In magnitude comparison tasks, regardless of the response location, the RTs tend to decrease linearly with absolute difference between the compared magnitudes. This is a well-known and widely replicated phenomenon called the distance effect (Moyer & Landauer, 1967), which has also been documented in a time duration comparison task (Beracci et al., 2021a, 2021b). However, in the present context, we refrain from testing the possible presence of a distance effect because of a confound between the distance effect and a stimulus presentation time effect. For instance, because of the distance effect, the responses to the 100 ms durations would be faster than the responses to the 400 ms durations (i.e., the distance between 100 ms and the 500 ms reference is larger than that between the latter and 400 ms). At the same time, according to a stimulus presentation time effect, the responses to the 100 ms durations would be longer than the responses to the 400 ms durations. In other words, in the case of durations shorter than the reference, the distance and the stimulus presentation time effects push in opposite directions (in the case of durations longer than the reference they push in the same direction). The tight interplay between the distance and the stimulus presentation time effects prevents a correct analysis of the distance effect in Experiment 2a, 4, and 7.

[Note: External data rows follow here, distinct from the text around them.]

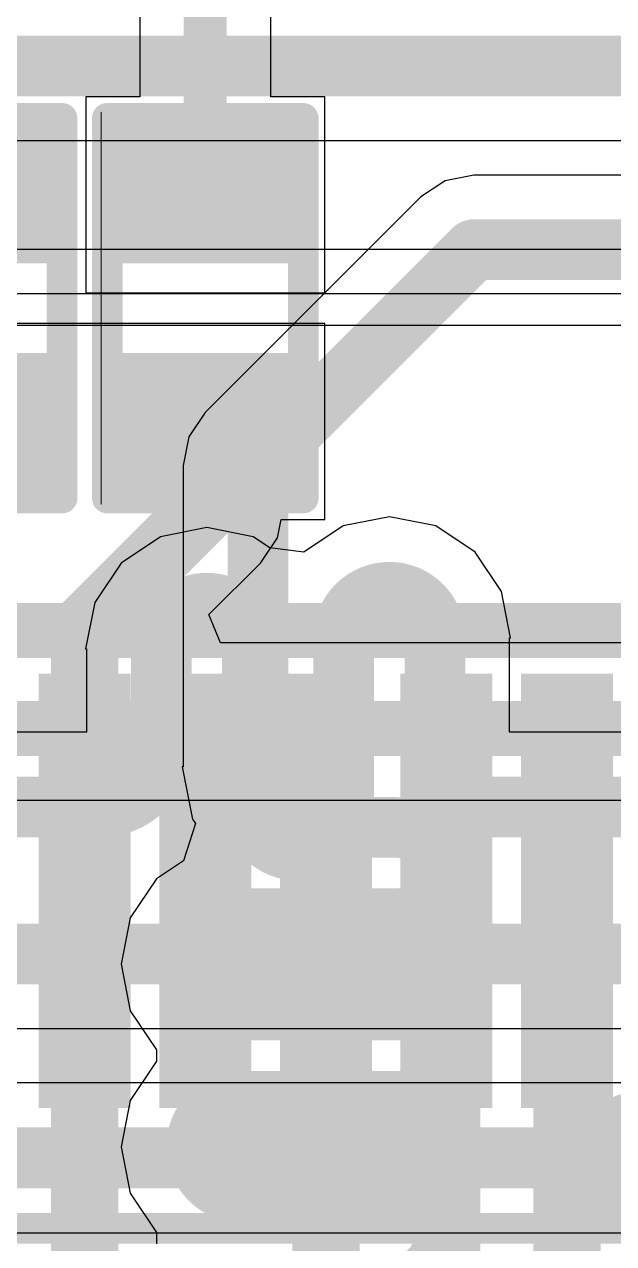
# Model space of a CAD drawing. Header units: inches. Extents: x -3 to 289, y -11 to 89.
# Drawn here: x 75.48 to 77.92, y 31.67 to 36.73 of the extents above; entities that cross this region are included whole.
import ezdxf

# ---------------------------------------------------------------- set-up
doc = ezdxf.new("R2010")
doc.units = ezdxf.units.IN
for name, color, linetype in [('Bottom Layer', 5, 'Continuous'), ('Layer 1', 16, 'Continuous'), ('Layer 2', 76, 'Continuous'), ('Top Layer', 1, 'Continuous'), ('Top Overlay', 2, 'Continuous'), ('Top Paste', 8, 'Continuous'), ('Top Solder', 216, 'Continuous')]:
    doc.layers.add(name, color=color, linetype=linetype)

# ---------------------------------------------------------------- blocks, each defined once
blk = doc.blocks.new('48_TSOP_I_9')
at = {"layer": 'Top Layer'}
for points in [[(-10.5999, 2.6101), (-10.5999, 2.8901), (-8.8999, 2.8901), (-8.8999, 2.6101)], [(-10.5999, 2.1099), (-10.5999, 2.3899), (-8.8999, 2.3899), (-8.8999, 2.1099)], [(-10.5999, 1.6101), (-10.5999, 1.8901), (-8.8999, 1.8901), (-8.8999, 1.6101)], [(-10.5999, 1.1099), (-10.5999, 1.3899), (-8.8999, 1.3899), (-8.8999, 1.1099)], [(-10.5999, 0.6101), (-10.5999, 0.8901), (-8.8999, 0.8901), (-8.8999, 0.6101)]]:
    blk.add_hatch(color=1, dxfattribs=at).paths.add_polyline_path(points)
at = {"layer": 'Top Paste'}
for points in [[(-10.5999, 2.6101), (-10.5999, 2.8901), (-8.8999, 2.8901), (-8.8999, 2.6101)], [(-10.5999, 2.1099), (-10.5999, 2.3899), (-8.8999, 2.3899), (-8.8999, 2.1099)], [(-10.5999, 1.6101), (-10.5999, 1.8901), (-8.8999, 1.8901), (-8.8999, 1.6101)], [(-10.5999, 1.1099), (-10.5999, 1.3899), (-8.8999, 1.3899), (-8.8999, 1.1099)], [(-10.5999, 0.6101), (-10.5999, 0.8901), (-8.8999, 0.8901), (-8.8999, 0.6101)]]:
    blk.add_hatch(color=8, dxfattribs=at).paths.add_polyline_path(points)
at = {"layer": 'Top Solder'}
for points in [[(-10.6507, 2.5593), (-10.6507, 2.9409), (-8.8491, 2.9409), (-8.8491, 2.5593)], [(-10.6507, 2.0591), (-10.6507, 2.4407), (-8.8491, 2.4407), (-8.8491, 2.0591)], [(-10.6507, 1.5593), (-10.6507, 1.9409), (-8.8491, 1.9409), (-8.8491, 1.5593)], [(-10.6507, 1.0591), (-10.6507, 1.4407), (-8.8491, 1.4407), (-8.8491, 1.0591)], [(-10.6507, 0.5593), (-10.6507, 0.9409), (-8.8491, 0.9409), (-8.8491, 0.5593)]]:
    blk.add_hatch(color=216, dxfattribs=at).paths.add_polyline_path(points)
at = {"layer": 'Top Overlay'}
blk.add_lwpolyline([(-8.35, -6.1, 0.127, 0.127, 0), (-8.35, 6.1, 0.127, 0.127, 0)], format="xyseb", dxfattribs=at)
blk = doc.blocks.new('R___0402_44')
at = {"layer": 'Top Layer'}
for points in [[(-0.6985, -0.3175), (-0.6985, 0.3175), (-0.2413, 0.3175), (-0.2413, -0.3175)], [(0.2413, -0.3175), (0.2413, 0.3175), (0.6985, 0.3175), (0.6985, -0.3175)]]:
    blk.add_hatch(color=1, dxfattribs=at).paths.add_polyline_path(points)
at = {"layer": 'Top Paste'}
for points in [[(-0.6985, -0.3175), (-0.6985, 0.3175), (-0.2413, 0.3175), (-0.2413, -0.3175)], [(0.2413, -0.3175), (0.2413, 0.3175), (0.6985, 0.3175), (0.6985, -0.3175)]]:
    blk.add_hatch(color=8, dxfattribs=at).paths.add_polyline_path(points)
at = {"layer": 'Top Solder'}
for points in [[(-0.7535, -0.3725), (-0.7535, 0.3725), (-0.1863, 0.3725), (-0.1863, -0.3725)], [(0.1863, -0.3725), (0.1863, 0.3725), (0.7535, 0.3725), (0.7535, -0.3725)]]:
    blk.add_hatch(color=216, dxfattribs=at).paths.add_polyline_path(points)
at = {"layer": 'Top Overlay'}
for points in [[(-0.7874, -0.4064, 0.127, 0.127, 0), (-0.7874, 0.4064, 0.127, 0.127, 0)], [(0.7874, 0.4064, 0.127, 0.127, 0), (-0.7874, 0.4064, 0.127, 0.127, 0)], [(0.7874, -0.4064, 0.127, 0.127, 0), (0.7874, 0.4064, 0.127, 0.127, 0)], [(0.7874, -0.4064, 0.127, 0.127, 0), (-0.7874, -0.4064, 0.127, 0.127, 0)], [(0.8128, -0.4318, 0.00323, 0.00323, 0), (-0.8128, -0.4318, 0.00323, 0.00323, 0)]]:
    blk.add_lwpolyline(points, format="xyseb", dxfattribs=at)
for points in [[(-0.8191, 0.4064, 0.0635, 0.0635, 1), (-0.7556, 0.4064, 0.0635, 0.0635, 1)], [(-0.8191, 0.4064, 0.0635, 0.0635, 1), (-0.7556, 0.4064, 0.0635, 0.0635, 1)], [(0.7556, 0.4064, 0.0635, 0.0635, 1), (0.8191, 0.4064, 0.0635, 0.0635, 1)], [(0.7556, 0.4064, 0.0635, 0.0635, 1), (0.8191, 0.4064, 0.0635, 0.0635, 1)], [(-0.8191, -0.4064, 0.0635, 0.0635, 1), (-0.7556, -0.4064, 0.0635, 0.0635, 1)], [(-0.8191, -0.4064, 0.0635, 0.0635, 1), (-0.7556, -0.4064, 0.0635, 0.0635, 1)], [(0.7556, -0.4064, 0.0635, 0.0635, 1), (0.8191, -0.4064, 0.0635, 0.0635, 1)], [(0.7556, -0.4064, 0.0635, 0.0635, 1), (0.8191, -0.4064, 0.0635, 0.0635, 1)], [(-0.8136, -0.4318, 0.00161, 0.00161, 1), (-0.812, -0.4318, 0.00161, 0.00161, 1)], [(0.812, -0.4318, 0.00161, 0.00161, 1), (0.8136, -0.4318, 0.00161, 0.00161, 1)]]:
    blk.add_lwpolyline(points, format="xyseb", close=True, dxfattribs=at)
blk = doc.blocks.new('R___0402_58')
at = {"layer": 'Top Layer'}
for points in [[(-0.6985, -0.3175), (-0.6985, 0.3175), (-0.2413, 0.3175), (-0.2413, -0.3175)], [(0.2413, -0.3175), (0.2413, 0.3175), (0.6985, 0.3175), (0.6985, -0.3175)]]:
    blk.add_hatch(color=1, dxfattribs=at).paths.add_polyline_path(points)
at = {"layer": 'Top Paste'}
for points in [[(-0.6985, -0.3175), (-0.6985, 0.3175), (-0.2413, 0.3175), (-0.2413, -0.3175)], [(0.2413, -0.3175), (0.2413, 0.3175), (0.6985, 0.3175), (0.6985, -0.3175)]]:
    blk.add_hatch(color=8, dxfattribs=at).paths.add_polyline_path(points)
at = {"layer": 'Top Solder'}
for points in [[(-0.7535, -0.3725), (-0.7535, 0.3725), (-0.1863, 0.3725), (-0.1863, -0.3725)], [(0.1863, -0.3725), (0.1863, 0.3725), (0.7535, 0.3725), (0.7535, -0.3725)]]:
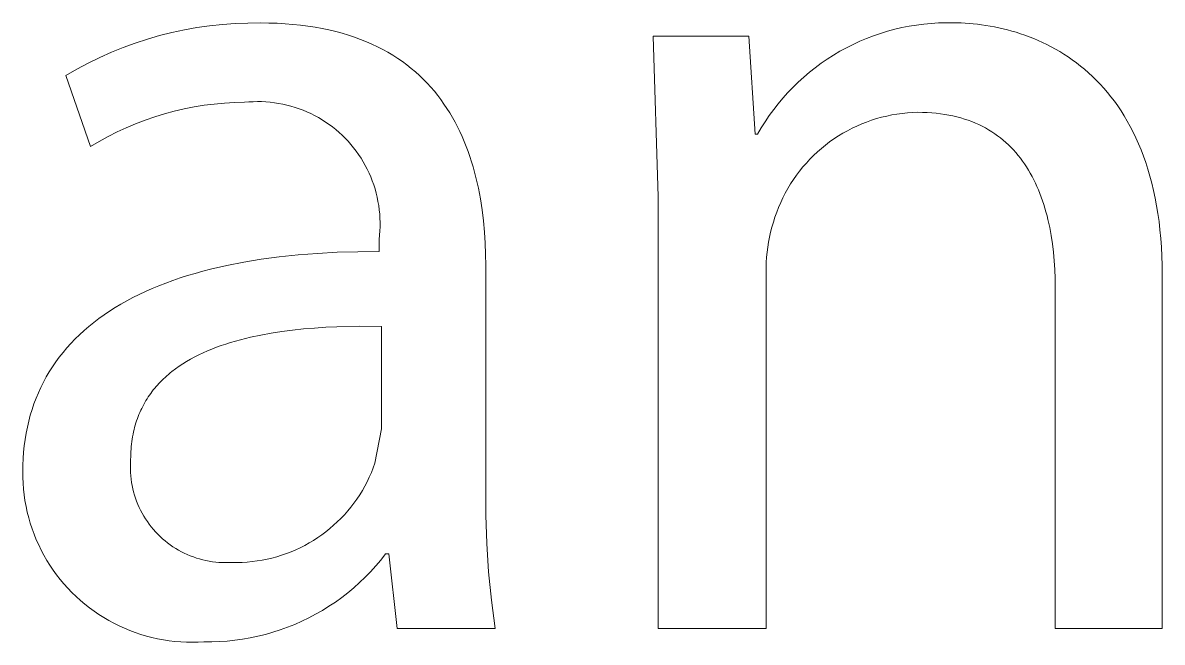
# Model space of a CAD drawing. Header units: millimetres. Extents: x -665 to 1920, y -373 to 1434.
# Drawn here: x 1422.95 to 1447.05, y -329.91 to -316.8 of the extents above; entities that cross this region are included whole.
import ezdxf

# ---------------------------------------------------------------- set-up
doc = ezdxf.new("R2010")
doc.units = ezdxf.units.MM
doc.header["$MEASUREMENT"] = 0
doc.layers.add('Domyślny', color=7, linetype='Continuous', true_color=0x000000)

msp = doc.modelspace()

# ---------------------------------------------------------------- linework, layer by layer
at = {"layer": 'Domyślny', "color": 18, "lineweight": 15, "true_color": 0x000000}
for p, q in [((1426.637, -316.904), (1426.904, -316.866)), ((1426.904, -316.866), (1427.173, -316.837)), ((1427.173, -316.837), (1427.442, -316.817)), ((1427.442, -316.817), (1427.711, -316.807)), ((1427.711, -316.807), (1427.981, -316.806)), ((1427.981, -316.806), (1428.158, -316.808)), ((1428.158, -316.808), (1428.331, -316.813)), ((1428.331, -316.813), (1428.5, -316.823)), ((1428.5, -316.823), (1428.665, -316.836)), ((1428.665, -316.836), (1428.825, -316.852)), ((1428.825, -316.852), (1428.982, -316.872)), ((1428.982, -316.872), (1429.135, -316.896)), ((1429.135, -316.896), (1429.284, -316.923)), ((1441.546, -316.905), (1441.699, -316.874)), ((1441.699, -316.874), (1441.854, -316.849)), ((1441.854, -316.849), (1442.009, -316.829)), ((1442.009, -316.829), (1442.165, -316.815)), ((1442.165, -316.815), (1442.321, -316.806)), ((1442.321, -316.806), (1442.478, -316.802)), ((1442.478, -316.802), (1442.634, -316.803)), ((1442.634, -316.803), (1442.716, -316.804)), ((1442.716, -316.804), (1442.799, -316.806)), ((1442.799, -316.806), (1442.884, -316.81)), ((1442.884, -316.81), (1442.969, -316.816)), ((1442.969, -316.816), (1443.056, -316.823)), ((1443.056, -316.823), (1443.143, -316.832)), ((1443.143, -316.832), (1443.232, -316.843)), ((1443.232, -316.843), (1443.321, -316.856)), ((1443.321, -316.856), (1443.411, -316.871)), ((1443.411, -316.871), (1443.502, -316.888)), ((1443.502, -316.888), (1443.593, -316.907)), ((1425.587, -317.149), (1425.846, -317.074)), ((1425.846, -317.074), (1426.108, -317.008)), ((1426.108, -317.008), (1426.371, -316.952)), ((1426.371, -316.952), (1426.637, -316.904)), ((1429.284, -316.923), (1429.428, -316.953)), ((1429.428, -316.953), (1429.57, -316.987)), ((1429.57, -316.987), (1429.707, -317.024)), ((1429.707, -317.024), (1429.84, -317.064)), ((1429.84, -317.064), (1429.97, -317.107)), ((1429.97, -317.107), (1430.096, -317.153)), ((1436.391, -320.489), (1436.288, -317.087)), ((1436.288, -317.087), (1438.312, -317.087)), ((1438.312, -317.087), (1438.441, -319.162)), ((1440.654, -317.194), (1440.798, -317.134)), ((1440.798, -317.134), (1440.944, -317.078)), ((1440.944, -317.078), (1441.092, -317.027)), ((1441.092, -317.027), (1441.242, -316.981)), ((1441.242, -316.981), (1441.393, -316.94)), ((1441.393, -316.94), (1441.546, -316.905)), ((1443.593, -316.907), (1443.685, -316.928)), ((1443.685, -316.928), (1443.777, -316.951)), ((1443.777, -316.951), (1443.869, -316.976)), ((1443.869, -316.976), (1443.962, -317.003)), ((1443.962, -317.003), (1444.055, -317.033)), ((1444.055, -317.033), (1444.147, -317.065)), ((1444.147, -317.065), (1444.24, -317.099)), ((1444.24, -317.099), (1444.333, -317.136)), ((1444.333, -317.136), (1444.426, -317.176)), ((1424.826, -317.427), (1425.076, -317.325)), ((1425.076, -317.325), (1425.33, -317.233)), ((1425.33, -317.233), (1425.587, -317.149)), ((1430.096, -317.153), (1430.219, -317.202)), ((1430.219, -317.202), (1430.338, -317.254)), ((1430.338, -317.254), (1430.454, -317.309)), ((1430.454, -317.309), (1430.566, -317.366)), ((1430.566, -317.366), (1430.674, -317.427)), ((1440.235, -317.406), (1440.372, -317.33)), ((1440.372, -317.33), (1440.512, -317.26)), ((1440.512, -317.26), (1440.654, -317.194)), ((1444.426, -317.176), (1444.518, -317.218)), ((1444.518, -317.218), (1444.61, -317.262)), ((1444.61, -317.262), (1444.701, -317.309)), ((1444.701, -317.309), (1444.792, -317.359)), ((1444.792, -317.359), (1444.883, -317.411)), ((1424.337, -317.655), (1424.58, -317.536)), ((1424.58, -317.536), (1424.826, -317.427)), ((1430.674, -317.427), (1430.78, -317.49)), ((1430.78, -317.49), (1430.882, -317.555)), ((1430.882, -317.555), (1430.98, -317.623)), ((1430.98, -317.623), (1431.076, -317.694)), ((1439.839, -317.658), (1439.968, -317.57)), ((1439.968, -317.57), (1440.1, -317.485)), ((1440.1, -317.485), (1440.235, -317.406)), ((1444.883, -317.411), (1444.973, -317.467)), ((1444.973, -317.467), (1445.062, -317.525)), ((1445.062, -317.525), (1445.15, -317.586)), ((1445.15, -317.586), (1445.237, -317.65)), ((1423.865, -317.916), (1424.099, -317.782)), ((1424.099, -317.782), (1424.337, -317.655)), ((1431.076, -317.694), (1431.168, -317.767)), ((1431.168, -317.767), (1431.257, -317.842)), ((1431.257, -317.842), (1431.343, -317.919)), ((1439.471, -317.95), (1439.59, -317.849)), ((1439.59, -317.849), (1439.713, -317.752)), ((1439.713, -317.752), (1439.839, -317.658)), ((1445.237, -317.65), (1445.323, -317.717)), ((1445.323, -317.717), (1445.408, -317.787)), ((1445.408, -317.787), (1445.492, -317.86)), ((1445.492, -317.86), (1445.575, -317.936)), ((1424.382, -319.423), (1423.865, -317.916)), ((1431.343, -317.919), (1431.426, -317.999)), ((1431.426, -317.999), (1431.506, -318.081)), ((1431.506, -318.081), (1431.583, -318.165)), ((1439.243, -318.165), (1439.355, -318.056)), ((1439.355, -318.056), (1439.471, -317.95)), ((1445.575, -317.936), (1445.656, -318.016)), ((1445.656, -318.016), (1445.736, -318.098)), ((1445.736, -318.098), (1445.814, -318.184)), ((1431.583, -318.165), (1431.657, -318.251)), ((1431.657, -318.251), (1431.728, -318.339)), ((1431.728, -318.339), (1431.796, -318.429)), ((1439.031, -318.395), (1439.135, -318.278)), ((1439.135, -318.278), (1439.243, -318.165)), ((1445.814, -318.184), (1445.891, -318.274)), ((1445.891, -318.274), (1445.966, -318.366)), ((1426.576, -318.582), (1426.366, -318.623)), ((1426.789, -318.548), (1426.576, -318.582)), ((1427.002, -318.521), (1426.789, -318.548)), ((1427.216, -318.502), (1427.002, -318.521)), ((1427.431, -318.489), (1427.216, -318.502)), ((1427.645, -318.485), (1427.431, -318.489)), ((1427.735, -318.477), (1427.645, -318.485)), ((1427.825, -318.472), (1427.735, -318.477)), ((1427.914, -318.47), (1427.825, -318.472)), ((1428.004, -318.471), (1427.914, -318.47)), ((1428.094, -318.475), (1428.004, -318.471)), ((1428.184, -318.483), (1428.094, -318.475)), ((1428.273, -318.493), (1428.184, -318.483)), ((1428.362, -318.507), (1428.273, -318.493)), ((1428.45, -318.523), (1428.362, -318.507)), ((1428.538, -318.543), (1428.45, -318.523)), ((1428.625, -318.566), (1428.538, -318.543)), ((1428.711, -318.592), (1428.625, -318.566)), ((1431.796, -318.429), (1431.861, -318.521)), ((1431.861, -318.521), (1431.924, -318.614)), ((1438.834, -318.638), (1438.93, -318.515)), ((1438.93, -318.515), (1439.031, -318.395)), ((1445.966, -318.366), (1446.039, -318.463)), ((1446.039, -318.463), (1446.11, -318.562)), ((1446.11, -318.562), (1446.18, -318.665)), ((1425.743, -318.791), (1425.54, -318.861)), ((1425.949, -318.728), (1425.743, -318.791)), ((1426.156, -318.672), (1425.949, -318.728)), ((1426.366, -318.623), (1426.156, -318.672)), ((1428.796, -318.621), (1428.711, -318.592)), ((1428.88, -318.652), (1428.796, -318.621)), ((1428.963, -318.687), (1428.88, -318.652)), ((1429.044, -318.725), (1428.963, -318.687)), ((1429.125, -318.765), (1429.044, -318.725)), ((1429.204, -318.808), (1429.125, -318.765)), ((1429.281, -318.854), (1429.204, -318.808)), ((1431.924, -318.614), (1431.984, -318.709)), ((1431.984, -318.709), (1432.041, -318.806)), ((1432.041, -318.806), (1432.096, -318.905)), ((1438.654, -318.895), (1438.742, -318.765)), ((1438.742, -318.765), (1438.834, -318.638)), ((1441.116, -318.802), (1441.009, -318.831)), ((1441.224, -318.775), (1441.116, -318.802)), ((1441.333, -318.753), (1441.224, -318.775)), ((1441.442, -318.734), (1441.333, -318.753)), ((1441.552, -318.719), (1441.442, -318.734)), ((1441.663, -318.708), (1441.552, -318.719)), ((1441.774, -318.701), (1441.663, -318.708)), ((1441.885, -318.697), (1441.774, -318.701)), ((1441.985, -318.699), (1441.885, -318.697)), ((1442.082, -318.702), (1441.985, -318.699)), ((1442.178, -318.708), (1442.082, -318.702)), ((1442.271, -318.717), (1442.178, -318.708)), ((1442.362, -318.728), (1442.271, -318.717)), ((1442.452, -318.741), (1442.362, -318.728)), ((1442.54, -318.756), (1442.452, -318.741)), ((1442.625, -318.774), (1442.54, -318.756)), ((1442.709, -318.793), (1442.625, -318.774)), ((1442.791, -318.815), (1442.709, -318.793)), ((1442.871, -318.84), (1442.791, -318.815)), ((1446.18, -318.665), (1446.247, -318.772)), ((1446.247, -318.772), (1446.312, -318.883)), ((1425.141, -319.022), (1424.946, -319.112)), ((1425.339, -318.938), (1425.141, -319.022)), ((1425.54, -318.861), (1425.339, -318.938)), ((1429.357, -318.902), (1429.281, -318.854)), ((1429.43, -318.953), (1429.357, -318.902)), ((1429.503, -319.007), (1429.43, -318.953)), ((1429.573, -319.063), (1429.503, -319.007)), ((1429.641, -319.122), (1429.573, -319.063)), ((1432.096, -318.905), (1432.148, -319.005)), ((1432.148, -319.005), (1432.197, -319.106)), ((1438.492, -319.162), (1438.571, -319.027)), ((1438.571, -319.027), (1438.654, -318.895)), ((1440.492, -319.035), (1440.394, -319.086)), ((1440.593, -318.987), (1440.492, -319.035)), ((1440.695, -318.943), (1440.593, -318.987)), ((1440.798, -318.902), (1440.695, -318.943)), ((1440.903, -318.865), (1440.798, -318.902)), ((1441.009, -318.831), (1440.903, -318.865)), ((1442.949, -318.866), (1442.871, -318.84)), ((1443.025, -318.894), (1442.949, -318.866)), ((1443.1, -318.925), (1443.025, -318.894)), ((1443.172, -318.957), (1443.1, -318.925)), ((1443.243, -318.991), (1443.172, -318.957)), ((1443.312, -319.028), (1443.243, -318.991)), ((1443.379, -319.066), (1443.312, -319.028)), ((1443.445, -319.107), (1443.379, -319.066)), ((1446.312, -318.883), (1446.376, -318.997)), ((1446.376, -318.997), (1446.436, -319.115)), ((1424.755, -319.209), (1424.566, -319.313)), ((1424.946, -319.112), (1424.755, -319.209)), ((1429.707, -319.182), (1429.641, -319.122)), ((1429.771, -319.245), (1429.707, -319.182)), ((1429.833, -319.311), (1429.771, -319.245)), ((1429.892, -319.378), (1429.833, -319.311)), ((1432.197, -319.106), (1432.244, -319.209)), ((1432.244, -319.209), (1432.289, -319.313)), ((1438.441, -319.162), (1438.492, -319.162)), ((1440.109, -319.259), (1440.018, -319.323)), ((1440.202, -319.198), (1440.109, -319.259)), ((1440.297, -319.14), (1440.202, -319.198)), ((1440.394, -319.086), (1440.297, -319.14)), ((1443.508, -319.149), (1443.445, -319.107)), ((1443.57, -319.193), (1443.508, -319.149)), ((1443.63, -319.239), (1443.57, -319.193)), ((1443.689, -319.286), (1443.63, -319.239)), ((1443.745, -319.335), (1443.689, -319.286)), ((1446.436, -319.115), (1446.495, -319.236)), ((1446.495, -319.236), (1446.551, -319.362)), ((1424.566, -319.313), (1424.382, -319.423)), ((1429.949, -319.448), (1429.892, -319.378)), ((1430.004, -319.519), (1429.949, -319.448)), ((1430.056, -319.592), (1430.004, -319.519)), ((1432.289, -319.313), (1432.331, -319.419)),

Wrong responses were analyzed as in Experiment 2a. The best model fitting data had the time duration (2: short vs. long), response location (2: top vs. bottom) and interaction as the fixed effects. As for the random effects, they included the intercept for the subjects and the by-subject slope for the time duration as the random effects. This model fit the data significantly better than a model that included, as the random effects, only the intercept for the subjects, χ2(2) = 76.4, p < .001, whereas more complex models failed to converge. No significant results emerged (ps > .533).
The wrong responses were analyzed as in Experiments 2a and 4. The best model fitting data had the time duration (2: short versus long), response location (2: top versus bottom), and interaction as the fixed effects. As for the random effects, they included the intercept for subjects and the by-subject slope for time duration as the random effects. This model fit the data significantly better than a model that included, as the random effects, only the intercept for the subjects, χ2(2) = 16.1, p < .001, whereas more complex models failed to converge. No significant results emerged (ps > .235).